Pero no era una operación muy secreta. Era una reunión organizada por un grupo de entusiastas de los códigos secretos. Invitaban a quienes habían descifrado el código a participar en la siguiente reunión. La hora y el lugar se anunciarían de la misma manera especial, y solo quienes lo descifraran podían asistir.

Xu Huo inició conversación con una de las mujeres del grupo. Cuando ella se enteró de que esas personas solo eran un club de aficionados, no pudo evitar mostrar su decepción.
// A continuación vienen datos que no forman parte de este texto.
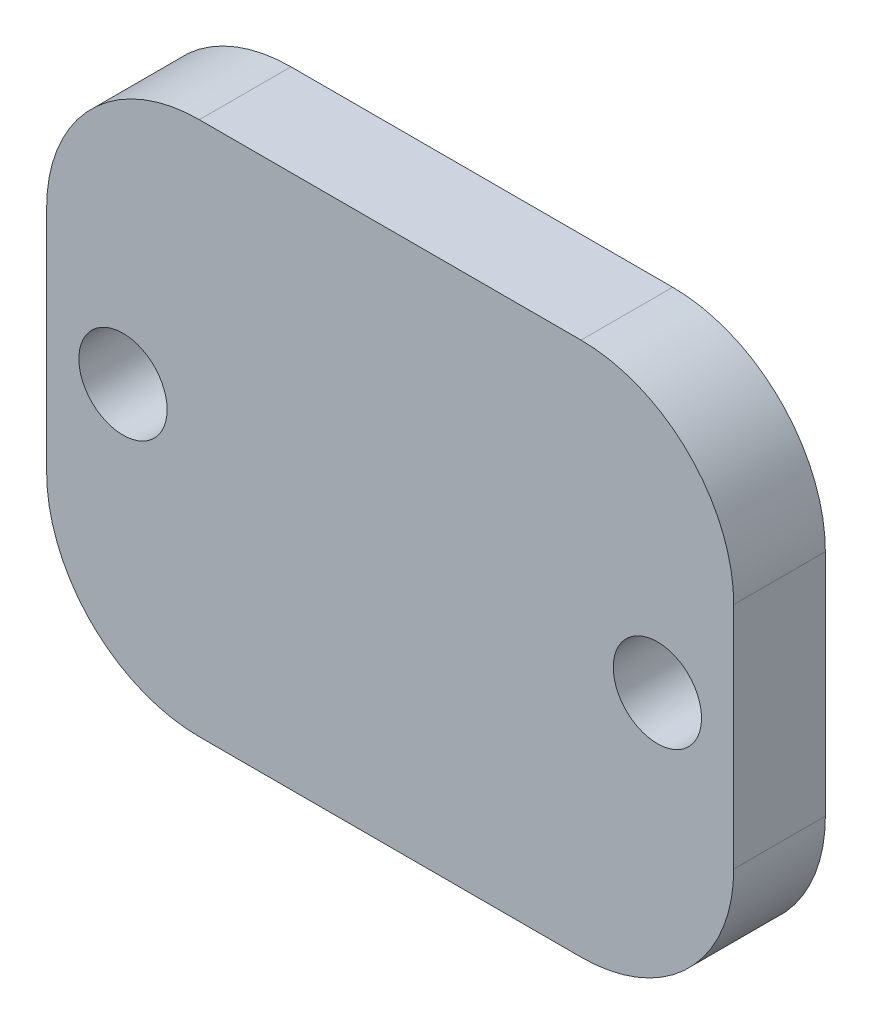
ISO-10303-21;
HEADER;
FILE_DESCRIPTION(('STEP AP214'),'2;1');
FILE_NAME('part.step','',(''),(''),'','','');
FILE_SCHEMA(('AUTOMOTIVE_DESIGN { 1 0 10303 214 1 1 1 1 }'));
ENDSEC;
DATA;
#1=APPLICATION_CONTEXT('core data for automotive mechanical design processes');
#2=APPLICATION_PROTOCOL_DEFINITION('international standard','automotive_design',2000,#1);
#3=PRODUCT_CONTEXT('',#1,'mechanical');
#4=PRODUCT('Part','Part','',(#3));
#5=PRODUCT_RELATED_PRODUCT_CATEGORY('part','',(#4));
#6=PRODUCT_DEFINITION_FORMATION('','',#4);
#7=PRODUCT_DEFINITION_CONTEXT('part definition',#1,'design');
#8=PRODUCT_DEFINITION('design','',#6,#7);
#9=PRODUCT_DEFINITION_SHAPE('','',#8);
#10=(LENGTH_UNIT() NAMED_UNIT(*) SI_UNIT(.MILLI.,.METRE.));
#11=(NAMED_UNIT(*) PLANE_ANGLE_UNIT() SI_UNIT($,.RADIAN.));
#12=(NAMED_UNIT(*) SI_UNIT($,.STERADIAN.) SOLID_ANGLE_UNIT());
#13=UNCERTAINTY_MEASURE_WITH_UNIT(LENGTH_MEASURE(1.E-05),#10,'distance_accuracy_value','');
#14=(GEOMETRIC_REPRESENTATION_CONTEXT(3) GLOBAL_UNCERTAINTY_ASSIGNED_CONTEXT((#13)) GLOBAL_UNIT_ASSIGNED_CONTEXT((#10,
#11,#12)) REPRESENTATION_CONTEXT('',''));
#15=CARTESIAN_POINT('',(0.,0.,0.));
#16=DIRECTION('',(0.,0.,1.));
#17=DIRECTION('',(1.,0.,0.));
#18=AXIS2_PLACEMENT_3D('',#15,#16,#17);
#19=CARTESIAN_POINT('',(-109.400976219246,18.7017218028714,6.));
#20=DIRECTION('',(0.,0.,-1.));
#21=DIRECTION('',(-1.,0.,0.));
#22=AXIS2_PLACEMENT_3D('',#19,#20,#21);
#23=PLANE('',#22);
#24=CARTESIAN_POINT('',(-109.400976219246,18.7017218028714,6.));
#25=DIRECTION('',(0.,0.,1.));
#26=DIRECTION('',(-1.,0.,0.));
#27=AXIS2_PLACEMENT_3D('',#24,#25,#26);
#28=CIRCLE('',#27,10.);
#29=CARTESIAN_POINT('',(-109.400976219246,8.70172180287143,6.));
#30=VERTEX_POINT('',#29);
#31=CARTESIAN_POINT('',(-99.4009762192463,18.7017218028715,6.));
#32=VERTEX_POINT('',#31);
#33=EDGE_CURVE('E170',#30,#32,#28,.T.);
#34=ORIENTED_EDGE('',*,*,#33,.T.);
#35=DIRECTION('',(0.,1.,0.));
#36=VECTOR('',#35,1.);
#37=CARTESIAN_POINT('',(-99.4009762192463,33.7017218028714,6.));
#38=LINE('',#37,#36);
#39=CARTESIAN_POINT('',(-99.4009762192463,33.7017218028714,6.));
#40=VERTEX_POINT('',#39);
#41=EDGE_CURVE('E106',#32,#40,#38,.T.);
#42=ORIENTED_EDGE('',*,*,#41,.T.);
#43=CARTESIAN_POINT('',(-109.400976219246,33.7017218028714,6.));
#44=DIRECTION('',(0.,0.,1.));
#45=DIRECTION('',(-1.,0.,0.));
#46=AXIS2_PLACEMENT_3D('',#43,#44,#45);
#47=CIRCLE('',#46,10.);
#48=CARTESIAN_POINT('',(-109.400976219246,43.7017218028714,6.));
#49=VERTEX_POINT('',#48);
#50=EDGE_CURVE('E191',#40,#49,#47,.T.);
#51=ORIENTED_EDGE('',*,*,#50,.T.);
#52=DIRECTION('',(-1.,0.,0.));
#53=VECTOR('',#52,1.);
#54=CARTESIAN_POINT('',(-134.400976219246,43.7017218028714,6.));
#55=LINE('',#54,#53);
#56=CARTESIAN_POINT('',(-134.400976219246,43.7017218028714,6.));
#57=VERTEX_POINT('',#56);
#58=EDGE_CURVE('E205',#49,#57,#55,.T.);
#59=ORIENTED_EDGE('',*,*,#58,.T.);
#60=CARTESIAN_POINT('',(-134.400976219246,33.7017218028714,6.));
#61=DIRECTION('',(0.,0.,1.));
#62=DIRECTION('',(1.,0.,0.));
#63=AXIS2_PLACEMENT_3D('',#60,#61,#62);
#64=CIRCLE('',#63,10.);
#65=CARTESIAN_POINT('',(-144.400976219246,33.7017218028714,6.));
#66=VERTEX_POINT('',#65);
#67=EDGE_CURVE('E125',#57,#66,#64,.T.);
#68=ORIENTED_EDGE('',*,*,#67,.T.);
#69=DIRECTION('',(0.,-1.,0.));
#70=VECTOR('',#69,1.);
#71=CARTESIAN_POINT('',(-144.400976219246,33.7017218028714,6.));
#72=LINE('',#71,#70);
#73=CARTESIAN_POINT('',(-144.400976219246,18.7017218028715,6.));
#74=VERTEX_POINT('',#73);
#75=EDGE_CURVE('E119',#66,#74,#72,.T.);
#76=ORIENTED_EDGE('',*,*,#75,.T.);
#77=CARTESIAN_POINT('',(-134.400976219246,18.7017218028714,6.));
#78=DIRECTION('',(0.,0.,1.));
#79=DIRECTION('',(-1.,0.,0.));
#80=AXIS2_PLACEMENT_3D('',#77,#78,#79);
#81=CIRCLE('',#80,10.);
#82=CARTESIAN_POINT('',(-134.400976219246,8.70172180287142,6.));
#83=VERTEX_POINT('',#82);
#84=EDGE_CURVE('E123',#74,#83,#81,.T.);
#85=ORIENTED_EDGE('',*,*,#84,.T.);
#86=DIRECTION('',(1.,0.,0.));
#87=VECTOR('',#86,1.);
#88=CARTESIAN_POINT('',(-134.400976219246,8.70172180287143,6.));
#89=LINE('',#88,#87);
#90=EDGE_CURVE('E63',#83,#30,#89,.T.);
#91=ORIENTED_EDGE('',*,*,#90,.T.);
#92=EDGE_LOOP('',(#34,#42,#51,#59,#68,#76,#85,#91));
#93=FACE_BOUND('',#92,.T.);
#94=CARTESIAN_POINT('',(-139.400925622596,26.2017218028714,6.));
#95=DIRECTION('',(0.,0.,1.));
#96=DIRECTION('',(1.,0.,0.));
#97=AXIS2_PLACEMENT_3D('',#94,#95,#96);
#98=CIRCLE('',#97,2.89000000000002);
#99=CARTESIAN_POINT('',(-136.510925622596,26.2017218028714,6.));
#100=VERTEX_POINT('',#99);
#101=EDGE_CURVE('E152',#100,#100,#98,.T.);
#102=ORIENTED_EDGE('',*,*,#101,.F.);
#103=EDGE_LOOP('',(#102));
#104=FACE_BOUND('',#103,.T.);
#105=CARTESIAN_POINT('',(-104.401026815897,26.2017218028714,6.));
#106=DIRECTION('',(0.,0.,1.));
#107=DIRECTION('',(-1.,0.,0.));
#108=AXIS2_PLACEMENT_3D('',#105,#106,#107);
#109=CIRCLE('',#108,2.89000000000002);
#110=CARTESIAN_POINT('',(-107.291026815897,26.2017218028714,6.));
#111=VERTEX_POINT('',#110);
#112=EDGE_CURVE('E219',#111,#111,#109,.T.);
#113=ORIENTED_EDGE('',*,*,#112,.F.);
#114=EDGE_LOOP('',(#113));
#115=FACE_BOUND('',#114,.T.);
#116=ADVANCED_FACE('F45',(#93,#104,#115),#23,.F.);
#117=CARTESIAN_POINT('',(-109.400976219246,18.7017218028714,0.));
#118=DIRECTION('',(0.,0.,-1.));
#119=DIRECTION('',(-1.,0.,0.));
#120=AXIS2_PLACEMENT_3D('',#117,#118,#119);
#121=PLANE('',#120);
#122=CARTESIAN_POINT('',(-139.400925622596,26.2017218028714,0.));
#123=DIRECTION('',(0.,0.,1.));
#124=DIRECTION('',(1.,0.,0.));
#125=AXIS2_PLACEMENT_3D('',#122,#123,#124);
#126=CIRCLE('',#125,2.89000000000002);
#127=CARTESIAN_POINT('',(-136.510925622596,26.2017218028714,0.));
#128=VERTEX_POINT('',#127);
#129=EDGE_CURVE('E215',#128,#128,#126,.T.);
#130=ORIENTED_EDGE('',*,*,#129,.T.);
#131=EDGE_LOOP('',(#130));
#132=FACE_BOUND('',#131,.T.);
#133=CARTESIAN_POINT('',(-109.400976219246,18.7017218028714,0.));
#134=DIRECTION('',(0.,0.,1.));
#135=DIRECTION('',(-1.,0.,0.));
#136=AXIS2_PLACEMENT_3D('',#133,#134,#135);
#137=CIRCLE('',#136,10.);
#138=CARTESIAN_POINT('',(-109.400976219246,8.70172180287143,0.));
#139=VERTEX_POINT('',#138);
#140=CARTESIAN_POINT('',(-99.4009762192463,18.7017218028715,0.));
#141=VERTEX_POINT('',#140);
#142=EDGE_CURVE('E147',#139,#141,#137,.T.);
#143=ORIENTED_EDGE('',*,*,#142,.F.);
#144=DIRECTION('',(1.,0.,0.));
#145=VECTOR('',#144,1.);
#146=CARTESIAN_POINT('',(-134.400976219246,8.70172180287143,0.));
#147=LINE('',#146,#145);
#148=CARTESIAN_POINT('',(-134.400976219246,8.70172180287142,0.));
#149=VERTEX_POINT('',#148);
#150=EDGE_CURVE('E98',#149,#139,#147,.T.);
#151=ORIENTED_EDGE('',*,*,#150,.F.);
#152=CARTESIAN_POINT('',(-134.400976219246,18.7017218028714,0.));
#153=DIRECTION('',(0.,0.,1.));
#154=DIRECTION('',(-1.,0.,0.));
#155=AXIS2_PLACEMENT_3D('',#152,#153,#154);
#156=CIRCLE('',#155,10.);
#157=CARTESIAN_POINT('',(-144.400976219246,18.7017218028715,0.));
#158=VERTEX_POINT('',#157);
#159=EDGE_CURVE('E92',#158,#149,#156,.T.);
#160=ORIENTED_EDGE('',*,*,#159,.F.);
#161=DIRECTION('',(0.,-1.,0.));
#162=VECTOR('',#161,1.);
#163=CARTESIAN_POINT('',(-144.400976219246,33.7017218028714,0.));
#164=LINE('',#163,#162);
#165=CARTESIAN_POINT('',(-144.400976219246,33.7017218028714,0.));
#166=VERTEX_POINT('',#165);
#167=EDGE_CURVE('E134',#166,#158,#164,.T.);
#168=ORIENTED_EDGE('',*,*,#167,.F.);
#169=CARTESIAN_POINT('',(-134.400976219246,33.7017218028714,0.));
#170=DIRECTION('',(0.,0.,1.));
#171=DIRECTION('',(1.,0.,0.));
#172=AXIS2_PLACEMENT_3D('',#169,#170,#171);
#173=CIRCLE('',#172,10.);
#174=CARTESIAN_POINT('',(-134.400976219246,43.7017218028714,0.));
#175=VERTEX_POINT('',#174);
#176=EDGE_CURVE('E161',#175,#166,#173,.T.);
#177=ORIENTED_EDGE('',*,*,#176,.F.);
#178=DIRECTION('',(-1.,0.,0.));
#179=VECTOR('',#178,1.);
#180=CARTESIAN_POINT('',(-134.400976219246,43.7017218028714,0.));
#181=LINE('',#180,#179);
#182=CARTESIAN_POINT('',(-109.400976219246,43.7017218028714,0.));
#183=VERTEX_POINT('',#182);
#184=EDGE_CURVE('E158',#183,#175,#181,.T.);
#185=ORIENTED_EDGE('',*,*,#184,.F.);
#186=CARTESIAN_POINT('',(-109.400976219246,33.7017218028714,0.));
#187=DIRECTION('',(0.,0.,1.));
#188=DIRECTION('',(-1.,0.,0.));
#189=AXIS2_PLACEMENT_3D('',#186,#187,#188);
#190=CIRCLE('',#189,10.);
#191=CARTESIAN_POINT('',(-99.4009762192463,33.7017218028714,0.));
#192=VERTEX_POINT('',#191);
#193=EDGE_CURVE('E155',#192,#183,#190,.T.);
#194=ORIENTED_EDGE('',*,*,#193,.F.);
#195=DIRECTION('',(0.,1.,0.));
#196=VECTOR('',#195,1.);
#197=CARTESIAN_POINT('',(-99.4009762192463,33.7017218028714,0.));
#198=LINE('',#197,#196);
#199=EDGE_CURVE('E151',#141,#192,#198,.T.);
#200=ORIENTED_EDGE('',*,*,#199,.F.);
#201=EDGE_LOOP('',(#143,#151,#160,#168,#177,#185,#194,#200));
#202=FACE_BOUND('',#201,.T.);
#203=CARTESIAN_POINT('',(-104.401026815897,26.2017218028714,0.));
#204=DIRECTION('',(0.,0.,1.));
#205=DIRECTION('',(-1.,0.,0.));
#206=AXIS2_PLACEMENT_3D('',#203,#204,#205);
#207=CIRCLE('',#206,2.89000000000002);
#208=CARTESIAN_POINT('',(-107.291026815897,26.2017218028714,0.));
#209=VERTEX_POINT('',#208);
#210=EDGE_CURVE('E223',#209,#209,#207,.T.);
#211=ORIENTED_EDGE('',*,*,#210,.T.);
#212=EDGE_LOOP('',(#211));
#213=FACE_BOUND('',#212,.T.);
#214=ADVANCED_FACE('F195',(#132,#202,#213),#121,.T.);
#215=CARTESIAN_POINT('',(-109.400976219246,18.7017218028714,6.));
#216=DIRECTION('',(0.,0.,-1.));
#217=DIRECTION('',(-1.,0.,0.));
#218=AXIS2_PLACEMENT_3D('',#215,#216,#217);
#219=CYLINDRICAL_SURFACE('',#218,10.);
#220=ORIENTED_EDGE('',*,*,#142,.T.);
#221=DIRECTION('',(0.,0.,-1.));
#222=VECTOR('',#221,1.);
#223=CARTESIAN_POINT('',(-99.4009762192463,18.7017218028715,6.));
#224=LINE('',#223,#222);
#225=EDGE_CURVE('E11',#32,#141,#224,.T.);
#226=ORIENTED_EDGE('',*,*,#225,.F.);
#227=ORIENTED_EDGE('',*,*,#33,.F.);
#228=DIRECTION('',(0.,0.,-1.));
#229=VECTOR('',#228,1.);
#230=CARTESIAN_POINT('',(-109.400976219246,8.70172180287143,6.));
#231=LINE('',#230,#229);
#232=EDGE_CURVE('E143',#30,#139,#231,.T.);
#233=ORIENTED_EDGE('',*,*,#232,.T.);
#234=EDGE_LOOP('',(#220,#226,#227,#233));
#235=FACE_BOUND('',#234,.T.);
#236=ADVANCED_FACE('F47',(#235),#219,.T.);
#237=CARTESIAN_POINT('',(-99.4009762192463,33.7017218028714,6.));
#238=DIRECTION('',(-1.,0.,0.));
#239=DIRECTION('',(0.,-1.,0.));
#240=AXIS2_PLACEMENT_3D('',#237,#238,#239);
#241=PLANE('',#240);
#242=ORIENTED_EDGE('',*,*,#199,.T.);
#243=DIRECTION('',(0.,0.,-1.));
#244=VECTOR('',#243,1.);
#245=CARTESIAN_POINT('',(-99.4009762192463,33.7017218028714,6.));
#246=LINE('',#245,#244);
#247=EDGE_CURVE('E55',#40,#192,#246,.T.);
#248=ORIENTED_EDGE('',*,*,#247,.F.);
#249=ORIENTED_EDGE('',*,*,#41,.F.);
#250=ORIENTED_EDGE('',*,*,#225,.T.);
#251=EDGE_LOOP('',(#242,#248,#249,#250));
#252=FACE_BOUND('',#251,.T.);
#253=ADVANCED_FACE('F257',(#252),#241,.F.);
#254=CARTESIAN_POINT('',(-109.400976219246,33.7017218028714,6.));
#255=DIRECTION('',(0.,0.,-1.));
#256=DIRECTION('',(-1.,0.,0.));
#257=AXIS2_PLACEMENT_3D('',#254,#255,#256);
#258=CYLINDRICAL_SURFACE('',#257,10.);
#259=ORIENTED_EDGE('',*,*,#193,.T.);
#260=DIRECTION('',(0.,0.,-1.));
#261=VECTOR('',#260,1.);
#262=CARTESIAN_POINT('',(-109.400976219246,43.7017218028714,6.));
#263=LINE('',#262,#261);
#264=EDGE_CURVE('E181',#49,#183,#263,.T.);
#265=ORIENTED_EDGE('',*,*,#264,.F.);
#266=ORIENTED_EDGE('',*,*,#50,.F.);
#267=ORIENTED_EDGE('',*,*,#247,.T.);
#268=EDGE_LOOP('',(#259,#265,#266,#267));
#269=FACE_BOUND('',#268,.T.);
#270=ADVANCED_FACE('F189',(#269),#258,.T.);
#271=CARTESIAN_POINT('',(-134.400976219246,43.7017218028714,6.));
#272=DIRECTION('',(0.,-1.,0.));
#273=DIRECTION('',(0.,0.,-1.));
#274=AXIS2_PLACEMENT_3D('',#271,#272,#273);
#275=PLANE('',#274);
#276=ORIENTED_EDGE('',*,*,#184,.T.);
#277=DIRECTION('',(0.,0.,-1.));
#278=VECTOR('',#277,1.);
#279=CARTESIAN_POINT('',(-134.400976219246,43.7017218028714,6.));
#280=LINE('',#279,#278);
#281=EDGE_CURVE('E177',#57,#175,#280,.T.);
#282=ORIENTED_EDGE('',*,*,#281,.F.);
#283=ORIENTED_EDGE('',*,*,#58,.F.);
#284=ORIENTED_EDGE('',*,*,#264,.T.);
#285=EDGE_LOOP('',(#276,#282,#283,#284));
#286=FACE_BOUND('',#285,.T.);
#287=ADVANCED_FACE('F200',(#286),#275,.F.);
#288=CARTESIAN_POINT('',(-134.400976219246,33.7017218028714,6.));
#289=DIRECTION('',(0.,0.,-1.));
#290=DIRECTION('',(-1.,0.,0.));
#291=AXIS2_PLACEMENT_3D('',#288,#289,#290);
#292=CYLINDRICAL_SURFACE('',#291,10.);
#293=ORIENTED_EDGE('',*,*,#176,.T.);
#294=DIRECTION('',(0.,0.,-1.));
#295=VECTOR('',#294,1.);
#296=CARTESIAN_POINT('',(-144.400976219246,33.7017218028714,6.));
#297=LINE('',#296,#295);
#298=EDGE_CURVE('E136',#66,#166,#297,.T.);
#299=ORIENTED_EDGE('',*,*,#298,.F.);
#300=ORIENTED_EDGE('',*,*,#67,.F.);
#301=ORIENTED_EDGE('',*,*,#281,.T.);
#302=EDGE_LOOP('',(#293,#299,#300,#301));
#303=FACE_BOUND('',#302,.T.);
#304=ADVANCED_FACE('F203',(#303),#292,.T.);
#305=CARTESIAN_POINT('',(-144.400976219246,33.7017218028714,6.));
#306=DIRECTION('',(1.,0.,0.));
#307=DIRECTION('',(0.,0.,-1.));
#308=AXIS2_PLACEMENT_3D('',#305,#306,#307);
#309=PLANE('',#308);
#310=ORIENTED_EDGE('',*,*,#167,.T.);
#311=DIRECTION('',(0.,0.,-1.));
#312=VECTOR('',#311,1.);
#313=CARTESIAN_POINT('',(-144.400976219246,18.7017218028715,6.));
#314=LINE('',#313,#312);
#315=EDGE_CURVE('E131',#74,#158,#314,.T.);
#316=ORIENTED_EDGE('',*,*,#315,.F.);
#317=ORIENTED_EDGE('',*,*,#75,.F.);
#318=ORIENTED_EDGE('',*,*,#298,.T.);
#319=EDGE_LOOP('',(#310,#316,#317,#318));
#320=FACE_BOUND('',#319,.T.);
#321=ADVANCED_FACE('F132',(#320),#309,.F.);
#322=CARTESIAN_POINT('',(-134.400976219246,18.7017218028714,6.));
#323=DIRECTION('',(0.,0.,-1.));
#324=DIRECTION('',(-1.,0.,0.));
#325=AXIS2_PLACEMENT_3D('',#322,#323,#324);
#326=CYLINDRICAL_SURFACE('',#325,10.);
#327=ORIENTED_EDGE('',*,*,#159,.T.);
#328=DIRECTION('',(0.,0.,-1.));
#329=VECTOR('',#328,1.);
#330=CARTESIAN_POINT('',(-134.400976219246,8.70172180287142,6.));
#331=LINE('',#330,#329);
#332=EDGE_CURVE('E137',#83,#149,#331,.T.);
#333=ORIENTED_EDGE('',*,*,#332,.F.);
#334=ORIENTED_EDGE('',*,*,#84,.F.);
#335=ORIENTED_EDGE('',*,*,#315,.T.);
#336=EDGE_LOOP('',(#327,#333,#334,#335));
#337=FACE_BOUND('',#336,.T.);
#338=ADVANCED_FACE('F139',(#337),#326,.T.);
#339=CARTESIAN_POINT('',(-134.400976219246,8.70172180287143,6.));
#340=DIRECTION('',(0.,1.,0.));
#341=DIRECTION('',(0.,0.,1.));
#342=AXIS2_PLACEMENT_3D('',#339,#340,#341);
#343=PLANE('',#342);
#344=ORIENTED_EDGE('',*,*,#150,.T.);
#345=ORIENTED_EDGE('',*,*,#232,.F.);
#346=ORIENTED_EDGE('',*,*,#90,.F.);
#347=ORIENTED_EDGE('',*,*,#332,.T.);
#348=EDGE_LOOP('',(#344,#345,#346,#347));
#349=FACE_BOUND('',#348,.T.);
#350=ADVANCED_FACE('F245',(#349),#343,.F.);
#351=CARTESIAN_POINT('',(-139.400925622596,26.2017218028714,6.));
#352=DIRECTION('',(0.,0.,-1.));
#353=DIRECTION('',(-1.,0.,0.));
#354=AXIS2_PLACEMENT_3D('',#351,#352,#353);
#355=CYLINDRICAL_SURFACE('',#354,2.89000000000002);
#356=ORIENTED_EDGE('',*,*,#101,.T.);
#357=EDGE_LOOP('',(#356));
#358=FACE_BOUND('',#357,.T.);
#359=ORIENTED_EDGE('',*,*,#129,.F.);
#360=EDGE_LOOP('',(#359));
#361=FACE_BOUND('',#360,.T.);
#362=ADVANCED_FACE('F242',(#358,#361),#355,.F.);
#363=CARTESIAN_POINT('',(-104.401026815897,26.2017218028714,6.));
#364=DIRECTION('',(0.,0.,-1.));
#365=DIRECTION('',(-1.,0.,0.));
#366=AXIS2_PLACEMENT_3D('',#363,#364,#365);
#367=CYLINDRICAL_SURFACE('',#366,2.89000000000002);
#368=ORIENTED_EDGE('',*,*,#112,.T.);
#369=EDGE_LOOP('',(#368));
#370=FACE_BOUND('',#369,.T.);
#371=ORIENTED_EDGE('',*,*,#210,.F.);
#372=EDGE_LOOP('',(#371));
#373=FACE_BOUND('',#372,.T.);
#374=ADVANCED_FACE('F231',(#370,#373),#367,.F.);
#375=CLOSED_SHELL('',(#116,#214,#236,#253,#270,#287,#304,#321,#338,#350,#362,#374));
#376=MANIFOLD_SOLID_BREP('B2',#375);
#377=ADVANCED_BREP_SHAPE_REPRESENTATION('',(#18,#376),#14);
#378=SHAPE_DEFINITION_REPRESENTATION(#9,#377);
ENDSEC;
END-ISO-10303-21;

Durante el proceso, miró hacia afuera varias veces, dejando claro que quería irse.

Después de conversar un rato, Xu Huo obtuvo fácilmente de ella una información: el Distrito Este podría llevar a cabo una gran operación en algún lugar del Distrito Oeste.

La mujer lo había soltado deliberadamente en tono casual.

El lugar estaba bajo la jurisdicción de otra subdivisión, muy lejos de donde estaba Xu Huo.

Después de salir del punto de reunión, vagó un par de horas más por el juego antes de desconectarse.

—Que vuelva pronto —dijo el dueño del cibercafé con una sonrisa, despidiéndolo con la mirada.

Al salir, Xu Huo puso el fragmento de rubí que había obtenido del jefe cuchillero en la caja fuerte del dueño del club nocturno, y de paso se llevó todo el dinero y los metales preciosos que había dentro.

El dueño del club nocturno no había regresado. Sus hombres habían ido a tantear al jefe cuchillero, pero el jefe cuchillero, que estaba aterrorizado por los jugadores del Distrito Este, era muy astuto. Inmediatamente se preparó para absorber también el territorio del dueño del club nocturno. Al enterarse de esto, los hombres del jefe cuchillero, para competir por la posición de líder, empezaron a cortejar a los subordinados. Cuando llegó el momento de repartir el dinero, naturalmente pensaron en la caja fuerte del dueño del club nocturno. Pero al abrirla, descubrieron que todo el oro y la plata habían desaparecido, solo quedaba un rubí roto.

Los allegados sabían lo del regalo del dueño del club nocturno. Ya fuera por luchar por el poder, por desgastar al rival o por aprovechar para expandir territorio, los dos bandos apuntaron contra el jefe cuchillero. Empezaron a difundir por todas partes que el jefe cuchillero había tendido una trampa y matado al dueño del club nocturno, gritando que iban a vengar a su jefe.

En medio de la discusión, no se supo quién lanzó el primer golpe. Las dos organizaciones criminales que llenaban una calle entera empezaron a pelearse.

Xu Huo puso la nota con la dirección sobre la mesa de un miembro de la resistencia que se preparaba para mudarse y evitar el peligro.